● **WORK REQUIRED**
Only one stretch of the data below is needed. Output the lines from the one with "#78=CARTESIAN_POINT('',(-2.5,59.,-2.5));" up to and including the one with "#99=CARTESIAN_POINT('',(-30.,57.5,-2.5));", exactly as they stand.

──────────────────────────────

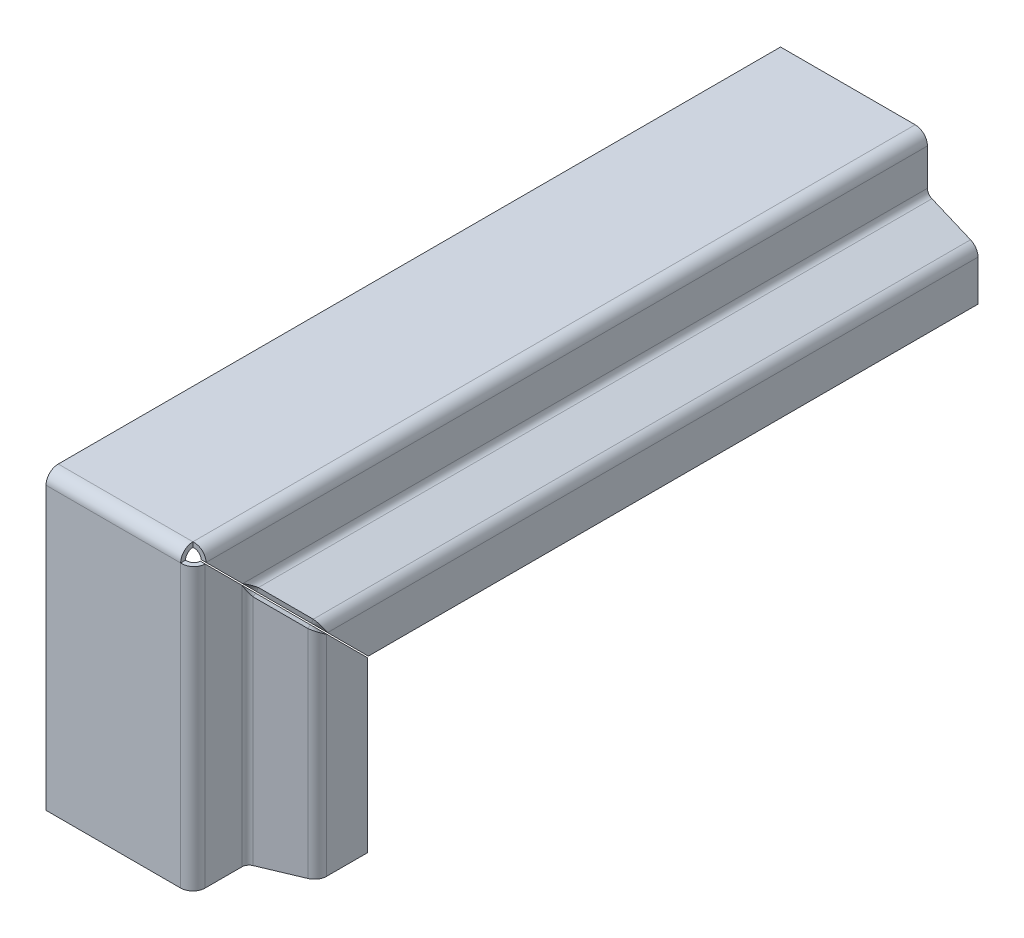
ISO-10303-21;
HEADER;
FILE_DESCRIPTION(('STEP AP214'),'2;1');
FILE_NAME('part.step','',(''),(''),'','','');
FILE_SCHEMA(('AUTOMOTIVE_DESIGN { 1 0 10303 214 1 1 1 1 }'));
ENDSEC;
DATA;
#1=APPLICATION_CONTEXT('core data for automotive mechanical design processes');
#2=APPLICATION_PROTOCOL_DEFINITION('international standard','automotive_design',2000,#1);
#3=PRODUCT_CONTEXT('',#1,'mechanical');
#4=PRODUCT('Part','Part','',(#3));
#5=PRODUCT_RELATED_PRODUCT_CATEGORY('part','',(#4));
#6=PRODUCT_DEFINITION_FORMATION('','',#4);
#7=PRODUCT_DEFINITION_CONTEXT('part definition',#1,'design');
#8=PRODUCT_DEFINITION('design','',#6,#7);
#9=PRODUCT_DEFINITION_SHAPE('','',#8);
#10=(LENGTH_UNIT() NAMED_UNIT(*) SI_UNIT(.MILLI.,.METRE.));
#11=(NAMED_UNIT(*) PLANE_ANGLE_UNIT() SI_UNIT($,.RADIAN.));
#12=(NAMED_UNIT(*) SI_UNIT($,.STERADIAN.) SOLID_ANGLE_UNIT());
#13=UNCERTAINTY_MEASURE_WITH_UNIT(LENGTH_MEASURE(1.E-05),#10,'distance_accuracy_value','');
#14=(GEOMETRIC_REPRESENTATION_CONTEXT(3) GLOBAL_UNCERTAINTY_ASSIGNED_CONTEXT((#13)) GLOBAL_UNIT_ASSIGNED_CONTEXT((#10,
#11,#12)) REPRESENTATION_CONTEXT('',''));
#15=CARTESIAN_POINT('',(0.,0.,0.));
#16=DIRECTION('',(0.,0.,1.));
#17=DIRECTION('',(1.,0.,0.));
#18=AXIS2_PLACEMENT_3D('',#15,#16,#17);
#19=CARTESIAN_POINT('',(-2.5,57.5,-2.5));
#20=DIRECTION('',(1.,0.,0.));
#21=DIRECTION('',(0.,0.,-1.));
#22=AXIS2_PLACEMENT_3D('',#19,#20,#21);
#23=PLANE('',#22);
#24=CARTESIAN_POINT('',(-2.5,57.5,-2.5));
#25=DIRECTION('',(1.,0.,0.));
#26=DIRECTION('',(0.,0.,-1.));
#27=AXIS2_PLACEMENT_3D('',#24,#25,#26);
#28=CIRCLE('',#27,1.5);
#29=CARTESIAN_POINT('',(-2.5,57.5,-1.));
#30=VERTEX_POINT('',#29);
#31=CARTESIAN_POINT('',(-2.5,59.,-2.5));
#32=VERTEX_POINT('',#31);
#33=EDGE_CURVE('E273',#30,#32,#28,.F.);
#34=ORIENTED_EDGE('',*,*,#33,.T.);
#35=DIRECTION('',(0.,1.,0.));
#36=VECTOR('',#35,1.);
#37=CARTESIAN_POINT('',(-2.5,60.,-2.5));
#38=LINE('',#37,#36);
#39=CARTESIAN_POINT('',(-2.5,60.,-2.5));
#40=VERTEX_POINT('',#39);
#41=EDGE_CURVE('E260',#40,#32,#38,.F.);
#42=ORIENTED_EDGE('',*,*,#41,.F.);
#43=CARTESIAN_POINT('',(-2.5,57.5,-2.5));
#44=DIRECTION('',(1.,0.,0.));
#45=DIRECTION('',(0.,0.,-1.));
#46=AXIS2_PLACEMENT_3D('',#43,#44,#45);
#47=CIRCLE('',#46,2.5);
#48=CARTESIAN_POINT('',(-2.5,57.5,0.));
#49=VERTEX_POINT('',#48);
#50=EDGE_CURVE('E280',#49,#40,#47,.F.);
#51=ORIENTED_EDGE('',*,*,#50,.F.);
#52=DIRECTION('',(0.,0.,1.));
#53=VECTOR('',#52,1.);
#54=CARTESIAN_POINT('',(-2.5,57.5,0.));
#55=LINE('',#54,#53);
#56=EDGE_CURVE('E274',#49,#30,#55,.F.);
#57=ORIENTED_EDGE('',*,*,#56,.T.);
#58=EDGE_LOOP('',(#34,#42,#51,#57));
#59=FACE_BOUND('',#58,.T.);
#60=ADVANCED_FACE('F38',(#59),#23,.T.);
#61=CARTESIAN_POINT('',(-30.,59.,0.));
#62=DIRECTION('',(0.,-1.,0.));
#63=DIRECTION('',(0.,0.,-1.));
#64=AXIS2_PLACEMENT_3D('',#61,#62,#63);
#65=PLANE('',#64);
#66=DIRECTION('',(1.,0.,0.));
#67=VECTOR('',#66,1.);
#68=CARTESIAN_POINT('',(-30.,59.,-150.));
#69=LINE('',#68,#67);
#70=CARTESIAN_POINT('',(-30.,59.,-150.));
#71=VERTEX_POINT('',#70);
#72=CARTESIAN_POINT('',(-2.5,59.,-150.));
#73=VERTEX_POINT('',#72);
#74=EDGE_CURVE('E289',#71,#73,#69,.T.);
#75=ORIENTED_EDGE('',*,*,#74,.T.);
#76=DIRECTION('',(0.,0.,-1.));
#77=VECTOR('',#76,1.);
#78=CARTESIAN_POINT('',(-2.5,59.,-2.5));
#79=LINE('',#78,#77);
#80=EDGE_CURVE('E252',#32,#73,#79,.T.);
#81=ORIENTED_EDGE('',*,*,#80,.F.);
#82=DIRECTION('',(1.,0.,0.));
#83=VECTOR('',#82,1.);
#84=CARTESIAN_POINT('',(-30.,59.,-2.5));
#85=LINE('',#84,#83);
#86=CARTESIAN_POINT('',(-30.,59.,-2.5));
#87=VERTEX_POINT('',#86);
#88=EDGE_CURVE('E286',#87,#32,#85,.T.);
#89=ORIENTED_EDGE('',*,*,#88,.F.);
#90=DIRECTION('',(0.,0.,-1.));
#91=VECTOR('',#90,1.);
#92=CARTESIAN_POINT('',(-30.,59.,0.));
#93=LINE('',#92,#91);
#94=EDGE_CURVE('E279',#87,#71,#93,.T.);
#95=ORIENTED_EDGE('',*,*,#94,.T.);
#96=EDGE_LOOP('',(#75,#81,#89,#95));
#97=FACE_BOUND('',#96,.T.);
#98=ADVANCED_FACE('F284',(#97),#65,.T.);
#99=CARTESIAN_POINT('',(-30.,57.5,-2.5));
#100=DIRECTION('',(1.,0.,0.));
#101=DIRECTION('',(0.,0.,-1.));
#102=AXIS2_PLACEMENT_3D('',#99,#100,#101);
#103=CYLINDRICAL_SURFACE('',#102,1.5);
#104=ORIENTED_EDGE('',*,*,#88,.T.);
#105=ORIENTED_EDGE('',*,*,#33,.F.);
#106=DIRECTION('',(1.,0.,0.));
#107=VECTOR('',#106,1.);
#108=CARTESIAN_POINT('',(-30.,57.5,-1.));
#109=LINE('',#108,#107);
#110=CARTESIAN_POINT('',(-30.,57.5,-1.));
#111=VERTEX_POINT('',#110);
#112=EDGE_CURVE('E295',#111,#30,#109,.T.);
#113=ORIENTED_EDGE('',*,*,#112,.F.);
#114=CARTESIAN_POINT('',(-30.,57.5,-2.5));
#115=DIRECTION('',(1.,0.,0.));
#116=DIRECTION('',(0.,0.,-1.));
#117=AXIS2_PLACEMENT_3D('',#114,#115,#116);
#118=CIRCLE('',#117,1.5);
#119=EDGE_CURVE('E294',#111,#87,#118,.F.);
#120=ORIENTED_EDGE('',*,*,#119,.T.);
#121=EDGE_LOOP('',(#104,#105,#113,#120));
#122=FACE_BOUND('',#121,.T.);
#123=ADVANCED_FACE('F293',(#122),#103,.F.);
#124=CARTESIAN_POINT('',(-30.,0.,-1.));
#125=DIRECTION('',(0.,0.,-1.));
#126=DIRECTION('',(-1.,0.,0.));
#127=AXIS2_PLACEMENT_3D('',#124,#125,#126);
#128=PLANE('',#127);
#129=ORIENTED_EDGE('',*,*,#112,.T.);
#130=DIRECTION('',(0.,1.,0.));
#131=VECTOR('',#130,1.);
#132=CARTESIAN_POINT('',(-2.5,-737.5,-1.));
#133=LINE('',#132,#131);
#134=CARTESIAN_POINT('',(-2.5,0.,-1.));
#135=VERTEX_POINT('',#134);
#136=EDGE_CURVE('E464',#135,#30,#133,.T.);
#137=ORIENTED_EDGE('',*,*,#136,.F.);
#138=DIRECTION('',(1.,0.,0.));
#139=VECTOR('',#138,1.);
#140=CARTESIAN_POINT('',(-30.,0.,-1.));
#141=LINE('',#140,#139);
#142=CARTESIAN_POINT('',(-30.,0.,-1.));
#143=VERTEX_POINT('',#142);
#144=EDGE_CURVE('E297',#143,#135,#141,.T.);
#145=ORIENTED_EDGE('',*,*,#144,.F.);
#146=DIRECTION('',(0.,1.,0.));
#147=VECTOR('',#146,1.);
#148=CARTESIAN_POINT('',(-30.,0.,-1.));
#149=LINE('',#148,#147);
#150=EDGE_CURVE('E316',#143,#111,#149,.T.);
#151=ORIENTED_EDGE('',*,*,#150,.T.);
#152=EDGE_LOOP('',(#129,#137,#145,#151));
#153=FACE_BOUND('',#152,.T.);
#154=ADVANCED_FACE('F680',(#153),#128,.T.);
#155=CARTESIAN_POINT('',(-30.,0.,-1.));
#156=DIRECTION('',(0.,1.,0.));
#157=DIRECTION('',(0.,0.,1.));
#158=AXIS2_PLACEMENT_3D('',#155,#156,#157);
#159=PLANE('',#158);
#160=DIRECTION('',(0.,0.,1.));
#161=VECTOR('',#160,1.);
#162=CARTESIAN_POINT('',(-2.5,0.,0.));
#163=LINE('',#162,#161);
#164=CARTESIAN_POINT('',(-2.5,0.,0.));
#165=VERTEX_POINT('',#164);
#166=EDGE_CURVE('E412',#165,#135,#163,.F.);
#167=ORIENTED_EDGE('',*,*,#166,.F.);
#168=DIRECTION('',(1.,0.,0.));
#169=VECTOR('',#168,1.);
#170=CARTESIAN_POINT('',(-30.,0.,0.));
#171=LINE('',#170,#169);
#172=CARTESIAN_POINT('',(-30.,0.,0.));
#173=VERTEX_POINT('',#172);
#174=EDGE_CURVE('E304',#173,#165,#171,.T.);
#175=ORIENTED_EDGE('',*,*,#174,.F.);
#176=DIRECTION('',(0.,0.,1.));
#177=VECTOR('',#176,1.);
#178=CARTESIAN_POINT('',(-30.,0.,-1.));
#179=LINE('',#178,#177);
#180=EDGE_CURVE('E318',#143,#173,#179,.T.);
#181=ORIENTED_EDGE('',*,*,#180,.F.);
#182=ORIENTED_EDGE('',*,*,#144,.T.);
#183=EDGE_LOOP('',(#167,#175,#181,#182));
#184=FACE_BOUND('',#183,.T.);
#185=ADVANCED_FACE('F683',(#184),#159,.F.);
#186=CARTESIAN_POINT('',(-30.,0.,0.));
#187=DIRECTION('',(0.,0.,-1.));
#188=DIRECTION('',(-1.,0.,0.));
#189=AXIS2_PLACEMENT_3D('',#186,#187,#188);
#190=PLANE('',#189);
#191=DIRECTION('',(0.,1.,0.));
#192=VECTOR('',#191,1.);
#193=CARTESIAN_POINT('',(-2.5,-737.5,0.));
#194=LINE('',#193,#192);
#195=EDGE_CURVE('E468',#165,#49,#194,.T.);
#196=ORIENTED_EDGE('',*,*,#195,.T.);
#197=DIRECTION('',(1.,0.,0.));
#198=VECTOR('',#197,1.);
#199=CARTESIAN_POINT('',(-30.,57.5,0.));
#200=LINE('',#199,#198);
#201=CARTESIAN_POINT('',(-30.,57.5,0.));
#202=VERTEX_POINT('',#201);
#203=EDGE_CURVE('E307',#202,#49,#200,.T.);
#204=ORIENTED_EDGE('',*,*,#203,.F.);
#205=DIRECTION('',(0.,1.,0.));
#206=VECTOR('',#205,1.);
#207=CARTESIAN_POINT('',(-30.,0.,0.));
#208=LINE('',#207,#206);
#209=EDGE_CURVE('E321',#173,#202,#208,.T.);
#210=ORIENTED_EDGE('',*,*,#209,.F.);
#211=ORIENTED_EDGE('',*,*,#174,.T.);
#212=EDGE_LOOP('',(#196,#204,#210,#211));
#213=FACE_BOUND('',#212,.T.);
#214=ADVANCED_FACE('F686',(#213),#190,.F.);
#215=CARTESIAN_POINT('',(-30.,57.5,-2.5));
#216=DIRECTION('',(1.,0.,0.));
#217=DIRECTION('',(0.,0.,-1.));
#218=AXIS2_PLACEMENT_3D('',#215,#216,#217);
#219=CYLINDRICAL_SURFACE('',#218,2.5);
#220=ORIENTED_EDGE('',*,*,#50,.T.);
#221=DIRECTION('',(1.,0.,0.));
#222=VECTOR('',#221,1.);
#223=CARTESIAN_POINT('',(-30.,60.,-2.5));
#224=LINE('',#223,#222);
#225=CARTESIAN_POINT('',(-30.,60.,-2.5));
#226=VERTEX_POINT('',#225);
#227=EDGE_CURVE('E310',#226,#40,#224,.T.);
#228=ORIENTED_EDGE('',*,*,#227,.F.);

──────────────────────────────

● **ANSWER SECTION**
#78=CARTESIAN_POINT('',(-2.5,59.,-2.5));
#79=LINE('',#78,#77);
#80=EDGE_CURVE('E252',#32,#73,#79,.T.);
#81=ORIENTED_EDGE('',*,*,#80,.F.);
#82=DIRECTION('',(1.,0.,0.));
#83=VECTOR('',#82,1.);
#84=CARTESIAN_POINT('',(-30.,59.,-2.5));
#85=LINE('',#84,#83);
#86=CARTESIAN_POINT('',(-30.,59.,-2.5));
#87=VERTEX_POINT('',#86);
#88=EDGE_CURVE('E286',#87,#32,#85,.T.);
#89=ORIENTED_EDGE('',*,*,#88,.F.);
#90=DIRECTION('',(0.,0.,-1.));
#91=VECTOR('',#90,1.);
#92=CARTESIAN_POINT('',(-30.,59.,0.));
#93=LINE('',#92,#91);
#94=EDGE_CURVE('E279',#87,#71,#93,.T.);
#95=ORIENTED_EDGE('',*,*,#94,.T.);
#96=EDGE_LOOP('',(#75,#81,#89,#95));
#97=FACE_BOUND('',#96,.T.);
#98=ADVANCED_FACE('F284',(#97),#65,.T.);
#99=CARTESIAN_POINT('',(-30.,57.5,-2.5));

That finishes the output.